WHAT IS NEEDED ::
Spot each line in the data below containing "ezdxf" and copy it.

Data extracted from a collection
==================================================

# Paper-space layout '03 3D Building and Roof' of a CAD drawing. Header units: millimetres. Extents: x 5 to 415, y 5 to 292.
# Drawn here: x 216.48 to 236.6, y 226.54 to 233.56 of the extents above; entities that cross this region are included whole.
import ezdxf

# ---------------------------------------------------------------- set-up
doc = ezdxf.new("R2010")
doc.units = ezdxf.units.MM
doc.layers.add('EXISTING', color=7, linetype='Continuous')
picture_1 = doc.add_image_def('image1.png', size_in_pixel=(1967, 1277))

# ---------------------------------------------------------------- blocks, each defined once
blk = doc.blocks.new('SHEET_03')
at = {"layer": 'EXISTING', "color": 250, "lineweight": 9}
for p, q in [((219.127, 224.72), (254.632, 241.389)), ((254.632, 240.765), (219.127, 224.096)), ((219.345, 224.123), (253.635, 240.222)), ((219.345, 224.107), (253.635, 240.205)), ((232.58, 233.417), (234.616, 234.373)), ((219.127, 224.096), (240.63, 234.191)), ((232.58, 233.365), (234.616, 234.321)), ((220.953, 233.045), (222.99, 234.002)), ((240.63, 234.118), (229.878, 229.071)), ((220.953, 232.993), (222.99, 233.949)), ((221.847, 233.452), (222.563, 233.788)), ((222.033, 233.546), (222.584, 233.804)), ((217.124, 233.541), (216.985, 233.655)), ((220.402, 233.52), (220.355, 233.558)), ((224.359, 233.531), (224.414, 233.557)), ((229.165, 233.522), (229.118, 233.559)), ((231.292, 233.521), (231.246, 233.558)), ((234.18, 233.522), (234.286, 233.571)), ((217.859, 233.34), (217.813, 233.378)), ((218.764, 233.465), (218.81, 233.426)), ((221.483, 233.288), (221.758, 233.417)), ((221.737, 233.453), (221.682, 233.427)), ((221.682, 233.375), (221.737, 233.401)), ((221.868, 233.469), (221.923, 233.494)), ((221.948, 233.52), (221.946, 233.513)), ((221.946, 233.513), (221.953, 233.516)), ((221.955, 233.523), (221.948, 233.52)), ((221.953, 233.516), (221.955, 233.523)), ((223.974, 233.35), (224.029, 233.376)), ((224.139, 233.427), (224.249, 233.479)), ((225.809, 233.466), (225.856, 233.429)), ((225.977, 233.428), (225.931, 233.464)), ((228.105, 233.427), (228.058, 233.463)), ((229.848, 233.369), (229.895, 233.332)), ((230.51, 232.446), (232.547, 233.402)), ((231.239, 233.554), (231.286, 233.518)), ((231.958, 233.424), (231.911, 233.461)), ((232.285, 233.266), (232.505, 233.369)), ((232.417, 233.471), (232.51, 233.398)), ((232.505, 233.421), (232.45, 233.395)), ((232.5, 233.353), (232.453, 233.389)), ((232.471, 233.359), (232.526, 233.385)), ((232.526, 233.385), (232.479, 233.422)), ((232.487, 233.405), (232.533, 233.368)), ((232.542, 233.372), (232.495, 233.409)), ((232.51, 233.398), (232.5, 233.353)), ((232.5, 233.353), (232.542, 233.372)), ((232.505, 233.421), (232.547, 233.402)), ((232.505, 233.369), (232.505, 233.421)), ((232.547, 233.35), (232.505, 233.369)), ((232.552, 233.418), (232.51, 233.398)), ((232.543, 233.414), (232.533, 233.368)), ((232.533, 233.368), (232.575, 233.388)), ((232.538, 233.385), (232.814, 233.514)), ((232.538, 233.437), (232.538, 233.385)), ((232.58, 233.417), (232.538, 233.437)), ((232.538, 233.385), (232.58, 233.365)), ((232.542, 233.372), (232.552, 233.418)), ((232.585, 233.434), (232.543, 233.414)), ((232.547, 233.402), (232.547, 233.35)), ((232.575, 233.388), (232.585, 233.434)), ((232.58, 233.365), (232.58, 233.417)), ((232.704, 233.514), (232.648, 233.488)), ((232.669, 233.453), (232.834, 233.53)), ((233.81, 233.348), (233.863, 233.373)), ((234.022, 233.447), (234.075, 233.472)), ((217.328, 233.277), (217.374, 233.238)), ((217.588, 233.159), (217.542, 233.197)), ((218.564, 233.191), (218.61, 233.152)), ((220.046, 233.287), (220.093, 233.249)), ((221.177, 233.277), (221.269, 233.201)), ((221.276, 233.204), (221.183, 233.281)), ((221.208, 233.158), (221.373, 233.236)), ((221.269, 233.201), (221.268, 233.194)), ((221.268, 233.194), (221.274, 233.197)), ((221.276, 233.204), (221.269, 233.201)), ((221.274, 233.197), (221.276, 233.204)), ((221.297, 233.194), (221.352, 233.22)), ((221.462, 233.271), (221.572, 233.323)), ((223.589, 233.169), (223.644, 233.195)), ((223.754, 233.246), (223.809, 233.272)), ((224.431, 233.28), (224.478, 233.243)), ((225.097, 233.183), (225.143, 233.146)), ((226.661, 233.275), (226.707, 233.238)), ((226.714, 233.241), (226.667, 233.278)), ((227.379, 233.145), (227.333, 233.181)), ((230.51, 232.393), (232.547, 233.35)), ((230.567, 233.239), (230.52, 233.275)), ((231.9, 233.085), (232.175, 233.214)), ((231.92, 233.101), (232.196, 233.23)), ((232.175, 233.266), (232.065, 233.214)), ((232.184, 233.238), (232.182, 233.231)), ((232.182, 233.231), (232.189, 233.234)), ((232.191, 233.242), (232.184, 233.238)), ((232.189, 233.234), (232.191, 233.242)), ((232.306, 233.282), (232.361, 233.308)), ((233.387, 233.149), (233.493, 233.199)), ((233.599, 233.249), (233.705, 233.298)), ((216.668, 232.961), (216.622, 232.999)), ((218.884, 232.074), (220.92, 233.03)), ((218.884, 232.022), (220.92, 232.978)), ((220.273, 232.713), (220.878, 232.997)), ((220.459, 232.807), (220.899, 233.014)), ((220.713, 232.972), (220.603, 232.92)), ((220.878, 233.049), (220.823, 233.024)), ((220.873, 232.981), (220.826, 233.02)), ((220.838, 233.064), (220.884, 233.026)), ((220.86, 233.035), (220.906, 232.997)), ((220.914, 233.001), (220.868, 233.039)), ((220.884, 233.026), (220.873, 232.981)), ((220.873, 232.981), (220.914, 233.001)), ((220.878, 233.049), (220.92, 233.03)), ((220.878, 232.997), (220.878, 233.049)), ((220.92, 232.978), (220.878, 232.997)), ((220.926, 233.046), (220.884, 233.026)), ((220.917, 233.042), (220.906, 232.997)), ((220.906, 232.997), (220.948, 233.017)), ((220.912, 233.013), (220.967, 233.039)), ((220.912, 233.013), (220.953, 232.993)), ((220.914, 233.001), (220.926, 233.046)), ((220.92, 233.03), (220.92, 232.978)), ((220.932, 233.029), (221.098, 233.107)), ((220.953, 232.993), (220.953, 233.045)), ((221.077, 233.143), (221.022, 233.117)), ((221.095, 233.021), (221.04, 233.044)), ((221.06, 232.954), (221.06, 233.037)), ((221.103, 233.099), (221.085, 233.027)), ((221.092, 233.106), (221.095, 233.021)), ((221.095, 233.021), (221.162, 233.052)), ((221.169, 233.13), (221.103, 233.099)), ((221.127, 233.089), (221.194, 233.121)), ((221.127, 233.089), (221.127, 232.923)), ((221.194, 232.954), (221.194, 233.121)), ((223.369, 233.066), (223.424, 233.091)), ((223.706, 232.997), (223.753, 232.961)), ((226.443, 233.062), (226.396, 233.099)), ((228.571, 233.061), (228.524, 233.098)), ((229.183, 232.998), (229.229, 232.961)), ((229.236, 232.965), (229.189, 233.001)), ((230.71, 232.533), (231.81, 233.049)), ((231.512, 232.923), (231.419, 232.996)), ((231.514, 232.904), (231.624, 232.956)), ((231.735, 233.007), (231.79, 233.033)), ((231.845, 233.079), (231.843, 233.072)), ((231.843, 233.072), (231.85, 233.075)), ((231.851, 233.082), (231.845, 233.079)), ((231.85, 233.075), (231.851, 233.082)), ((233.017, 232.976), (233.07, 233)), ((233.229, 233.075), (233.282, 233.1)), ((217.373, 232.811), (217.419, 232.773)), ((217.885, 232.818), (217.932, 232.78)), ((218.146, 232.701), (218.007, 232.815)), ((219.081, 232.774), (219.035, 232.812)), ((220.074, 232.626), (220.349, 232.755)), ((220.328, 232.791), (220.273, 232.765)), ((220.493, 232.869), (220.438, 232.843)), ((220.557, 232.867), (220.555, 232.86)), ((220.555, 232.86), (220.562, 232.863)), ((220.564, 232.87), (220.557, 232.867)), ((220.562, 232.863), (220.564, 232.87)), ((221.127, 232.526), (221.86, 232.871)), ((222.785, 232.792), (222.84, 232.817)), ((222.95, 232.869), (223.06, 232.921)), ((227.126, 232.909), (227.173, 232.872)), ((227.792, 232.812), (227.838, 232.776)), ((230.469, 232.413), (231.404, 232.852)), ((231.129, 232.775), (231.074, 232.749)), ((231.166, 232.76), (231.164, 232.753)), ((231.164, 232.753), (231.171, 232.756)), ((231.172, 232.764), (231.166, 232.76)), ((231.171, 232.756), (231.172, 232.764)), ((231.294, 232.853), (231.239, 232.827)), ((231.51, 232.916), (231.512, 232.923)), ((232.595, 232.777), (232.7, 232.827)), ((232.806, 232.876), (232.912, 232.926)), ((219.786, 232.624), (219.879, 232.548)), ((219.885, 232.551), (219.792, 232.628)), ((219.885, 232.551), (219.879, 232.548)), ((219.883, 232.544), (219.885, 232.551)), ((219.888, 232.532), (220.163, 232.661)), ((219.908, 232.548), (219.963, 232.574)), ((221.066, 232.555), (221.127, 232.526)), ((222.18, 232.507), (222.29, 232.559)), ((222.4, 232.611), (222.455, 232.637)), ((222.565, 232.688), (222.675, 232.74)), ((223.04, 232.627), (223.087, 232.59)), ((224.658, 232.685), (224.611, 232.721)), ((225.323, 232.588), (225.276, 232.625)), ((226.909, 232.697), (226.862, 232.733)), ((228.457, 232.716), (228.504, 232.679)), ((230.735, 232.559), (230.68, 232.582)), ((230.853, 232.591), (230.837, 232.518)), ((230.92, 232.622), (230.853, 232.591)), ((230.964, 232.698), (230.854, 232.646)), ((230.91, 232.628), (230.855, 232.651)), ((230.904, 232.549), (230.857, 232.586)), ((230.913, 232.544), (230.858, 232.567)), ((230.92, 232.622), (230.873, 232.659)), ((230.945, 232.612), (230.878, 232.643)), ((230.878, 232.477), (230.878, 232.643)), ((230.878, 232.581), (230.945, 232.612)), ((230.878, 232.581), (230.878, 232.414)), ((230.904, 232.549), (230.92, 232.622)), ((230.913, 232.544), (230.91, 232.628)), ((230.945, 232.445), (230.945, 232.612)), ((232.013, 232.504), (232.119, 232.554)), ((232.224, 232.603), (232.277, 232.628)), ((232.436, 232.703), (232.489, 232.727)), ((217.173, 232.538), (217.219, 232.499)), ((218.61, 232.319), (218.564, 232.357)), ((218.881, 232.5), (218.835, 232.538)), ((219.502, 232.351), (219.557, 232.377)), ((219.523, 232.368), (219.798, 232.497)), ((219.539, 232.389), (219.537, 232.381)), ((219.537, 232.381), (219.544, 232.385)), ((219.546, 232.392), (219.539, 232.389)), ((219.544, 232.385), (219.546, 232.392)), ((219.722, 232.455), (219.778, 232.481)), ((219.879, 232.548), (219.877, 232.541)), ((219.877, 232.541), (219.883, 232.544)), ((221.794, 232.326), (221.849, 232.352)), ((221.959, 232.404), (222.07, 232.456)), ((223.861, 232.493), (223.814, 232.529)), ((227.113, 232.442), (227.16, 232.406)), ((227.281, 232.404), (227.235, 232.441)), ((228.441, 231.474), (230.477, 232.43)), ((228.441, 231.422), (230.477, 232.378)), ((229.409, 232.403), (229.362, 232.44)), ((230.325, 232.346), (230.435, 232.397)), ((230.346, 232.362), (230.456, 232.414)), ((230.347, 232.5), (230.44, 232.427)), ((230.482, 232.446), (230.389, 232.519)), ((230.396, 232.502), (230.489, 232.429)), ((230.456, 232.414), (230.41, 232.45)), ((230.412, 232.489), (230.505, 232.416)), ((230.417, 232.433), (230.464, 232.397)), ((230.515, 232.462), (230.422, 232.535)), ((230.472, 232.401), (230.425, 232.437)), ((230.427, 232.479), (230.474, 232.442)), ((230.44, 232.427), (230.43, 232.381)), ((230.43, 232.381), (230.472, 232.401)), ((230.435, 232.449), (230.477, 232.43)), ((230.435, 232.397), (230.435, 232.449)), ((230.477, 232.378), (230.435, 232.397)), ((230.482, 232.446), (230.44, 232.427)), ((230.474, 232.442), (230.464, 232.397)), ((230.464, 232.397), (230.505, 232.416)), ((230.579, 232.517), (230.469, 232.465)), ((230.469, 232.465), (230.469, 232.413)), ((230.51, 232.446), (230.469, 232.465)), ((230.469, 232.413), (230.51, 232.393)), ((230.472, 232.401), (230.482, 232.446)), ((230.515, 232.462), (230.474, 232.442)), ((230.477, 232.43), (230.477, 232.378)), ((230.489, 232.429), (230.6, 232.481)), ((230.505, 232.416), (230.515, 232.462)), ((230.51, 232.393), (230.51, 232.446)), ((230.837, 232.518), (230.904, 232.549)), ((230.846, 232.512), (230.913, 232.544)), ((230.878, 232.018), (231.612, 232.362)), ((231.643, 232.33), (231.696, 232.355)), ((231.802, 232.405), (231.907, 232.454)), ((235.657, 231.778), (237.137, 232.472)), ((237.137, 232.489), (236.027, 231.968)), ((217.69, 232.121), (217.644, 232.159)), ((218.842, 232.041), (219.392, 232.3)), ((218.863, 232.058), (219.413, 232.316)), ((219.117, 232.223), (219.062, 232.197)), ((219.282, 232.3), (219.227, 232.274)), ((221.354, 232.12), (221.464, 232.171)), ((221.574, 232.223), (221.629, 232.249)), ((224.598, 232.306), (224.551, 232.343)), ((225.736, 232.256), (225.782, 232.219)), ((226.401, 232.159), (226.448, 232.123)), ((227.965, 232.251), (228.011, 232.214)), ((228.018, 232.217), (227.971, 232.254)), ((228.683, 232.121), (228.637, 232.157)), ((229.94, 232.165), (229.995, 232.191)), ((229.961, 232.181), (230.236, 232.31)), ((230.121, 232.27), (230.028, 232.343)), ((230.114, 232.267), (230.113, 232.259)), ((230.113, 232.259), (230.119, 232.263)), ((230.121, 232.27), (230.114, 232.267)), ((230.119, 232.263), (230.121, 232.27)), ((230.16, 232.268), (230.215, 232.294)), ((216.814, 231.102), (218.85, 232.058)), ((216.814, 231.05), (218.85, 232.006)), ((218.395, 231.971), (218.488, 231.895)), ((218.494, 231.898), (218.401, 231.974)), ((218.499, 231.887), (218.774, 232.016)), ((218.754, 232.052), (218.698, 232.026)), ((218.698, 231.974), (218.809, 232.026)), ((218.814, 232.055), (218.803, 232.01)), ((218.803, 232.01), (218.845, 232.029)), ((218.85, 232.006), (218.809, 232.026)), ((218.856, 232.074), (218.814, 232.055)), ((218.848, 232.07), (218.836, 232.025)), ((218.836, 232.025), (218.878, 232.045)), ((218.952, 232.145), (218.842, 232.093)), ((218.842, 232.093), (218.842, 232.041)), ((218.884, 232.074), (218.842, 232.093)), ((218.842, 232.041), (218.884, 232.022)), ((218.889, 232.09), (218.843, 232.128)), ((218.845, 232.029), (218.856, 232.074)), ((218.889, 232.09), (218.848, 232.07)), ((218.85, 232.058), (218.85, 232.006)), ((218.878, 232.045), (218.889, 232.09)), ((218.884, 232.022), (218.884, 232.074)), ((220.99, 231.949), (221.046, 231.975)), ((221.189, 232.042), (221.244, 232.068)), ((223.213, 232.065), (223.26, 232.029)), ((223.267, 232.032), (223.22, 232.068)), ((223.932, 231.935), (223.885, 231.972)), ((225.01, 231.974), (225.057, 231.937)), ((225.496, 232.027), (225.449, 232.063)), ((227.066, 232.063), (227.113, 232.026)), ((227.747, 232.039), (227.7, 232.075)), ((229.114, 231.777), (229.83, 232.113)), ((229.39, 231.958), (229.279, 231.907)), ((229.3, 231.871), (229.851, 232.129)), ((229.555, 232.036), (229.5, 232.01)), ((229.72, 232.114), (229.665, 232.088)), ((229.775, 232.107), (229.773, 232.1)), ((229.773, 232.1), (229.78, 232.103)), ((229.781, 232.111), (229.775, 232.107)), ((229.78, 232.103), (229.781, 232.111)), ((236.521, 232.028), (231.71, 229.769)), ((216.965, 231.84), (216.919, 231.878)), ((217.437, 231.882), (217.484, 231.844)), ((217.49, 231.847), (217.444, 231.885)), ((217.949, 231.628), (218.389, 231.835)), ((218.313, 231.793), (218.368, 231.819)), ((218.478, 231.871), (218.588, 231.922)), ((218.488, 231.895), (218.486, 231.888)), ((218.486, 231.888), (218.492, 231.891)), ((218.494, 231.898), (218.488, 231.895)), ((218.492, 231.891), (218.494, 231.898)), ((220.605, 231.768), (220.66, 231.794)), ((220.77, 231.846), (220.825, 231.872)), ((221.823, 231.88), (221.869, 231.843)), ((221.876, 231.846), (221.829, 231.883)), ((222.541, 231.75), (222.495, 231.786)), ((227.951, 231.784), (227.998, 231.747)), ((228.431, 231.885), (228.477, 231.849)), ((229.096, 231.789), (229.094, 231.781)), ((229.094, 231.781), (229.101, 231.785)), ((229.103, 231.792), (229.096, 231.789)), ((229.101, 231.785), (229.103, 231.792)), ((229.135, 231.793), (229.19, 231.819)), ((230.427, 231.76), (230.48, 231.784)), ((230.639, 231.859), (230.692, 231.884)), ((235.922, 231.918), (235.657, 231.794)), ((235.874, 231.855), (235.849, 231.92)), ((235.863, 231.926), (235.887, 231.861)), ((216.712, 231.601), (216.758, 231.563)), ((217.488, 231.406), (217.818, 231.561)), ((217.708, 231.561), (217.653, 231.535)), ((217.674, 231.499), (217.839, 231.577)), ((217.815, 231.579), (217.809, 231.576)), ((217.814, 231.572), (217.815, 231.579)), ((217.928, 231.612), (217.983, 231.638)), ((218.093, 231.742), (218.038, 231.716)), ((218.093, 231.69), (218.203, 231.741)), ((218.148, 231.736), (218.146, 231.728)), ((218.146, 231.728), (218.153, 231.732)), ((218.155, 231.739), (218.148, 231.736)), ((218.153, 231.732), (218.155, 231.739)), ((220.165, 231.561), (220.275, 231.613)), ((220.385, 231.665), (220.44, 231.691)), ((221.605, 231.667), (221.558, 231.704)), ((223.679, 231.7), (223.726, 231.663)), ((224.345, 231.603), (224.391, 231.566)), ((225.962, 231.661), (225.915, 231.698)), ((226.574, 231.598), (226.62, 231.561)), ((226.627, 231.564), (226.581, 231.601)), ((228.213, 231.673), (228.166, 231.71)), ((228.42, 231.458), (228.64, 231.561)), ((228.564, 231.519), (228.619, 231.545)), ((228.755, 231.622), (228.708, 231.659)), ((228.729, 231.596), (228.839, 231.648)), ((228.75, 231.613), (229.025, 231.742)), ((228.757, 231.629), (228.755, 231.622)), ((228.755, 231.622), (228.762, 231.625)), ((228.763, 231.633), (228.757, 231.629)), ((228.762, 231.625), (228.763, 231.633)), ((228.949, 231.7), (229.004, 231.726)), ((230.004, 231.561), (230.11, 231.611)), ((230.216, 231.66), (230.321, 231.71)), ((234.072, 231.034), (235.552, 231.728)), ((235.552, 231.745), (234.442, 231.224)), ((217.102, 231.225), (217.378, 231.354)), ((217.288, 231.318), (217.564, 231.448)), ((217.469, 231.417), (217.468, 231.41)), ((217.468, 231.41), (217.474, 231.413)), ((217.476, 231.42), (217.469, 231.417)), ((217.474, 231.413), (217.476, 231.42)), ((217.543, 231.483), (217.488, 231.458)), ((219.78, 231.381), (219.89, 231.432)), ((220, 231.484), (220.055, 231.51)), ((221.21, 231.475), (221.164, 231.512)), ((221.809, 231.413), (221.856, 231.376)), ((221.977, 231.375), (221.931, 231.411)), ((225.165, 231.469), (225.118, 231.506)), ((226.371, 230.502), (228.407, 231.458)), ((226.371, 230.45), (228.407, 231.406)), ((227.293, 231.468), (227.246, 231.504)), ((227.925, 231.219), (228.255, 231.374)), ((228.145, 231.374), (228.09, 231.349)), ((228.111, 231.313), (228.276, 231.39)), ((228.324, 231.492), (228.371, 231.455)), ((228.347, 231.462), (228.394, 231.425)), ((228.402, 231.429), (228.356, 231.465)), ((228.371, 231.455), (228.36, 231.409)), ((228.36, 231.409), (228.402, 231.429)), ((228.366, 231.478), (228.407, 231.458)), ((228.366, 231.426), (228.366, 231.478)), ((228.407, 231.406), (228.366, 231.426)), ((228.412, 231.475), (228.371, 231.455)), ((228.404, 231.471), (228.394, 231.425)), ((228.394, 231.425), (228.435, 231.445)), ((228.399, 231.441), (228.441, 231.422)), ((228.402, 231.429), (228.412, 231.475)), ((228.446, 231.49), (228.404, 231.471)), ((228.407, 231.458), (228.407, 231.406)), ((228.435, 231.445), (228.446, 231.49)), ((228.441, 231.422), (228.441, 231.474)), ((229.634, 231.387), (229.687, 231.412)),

==================================================

OUTPUT OF THE EXERCISE ::
import ezdxf
doc = ezdxf.new("R2010")
doc.units = ezdxf.units.MM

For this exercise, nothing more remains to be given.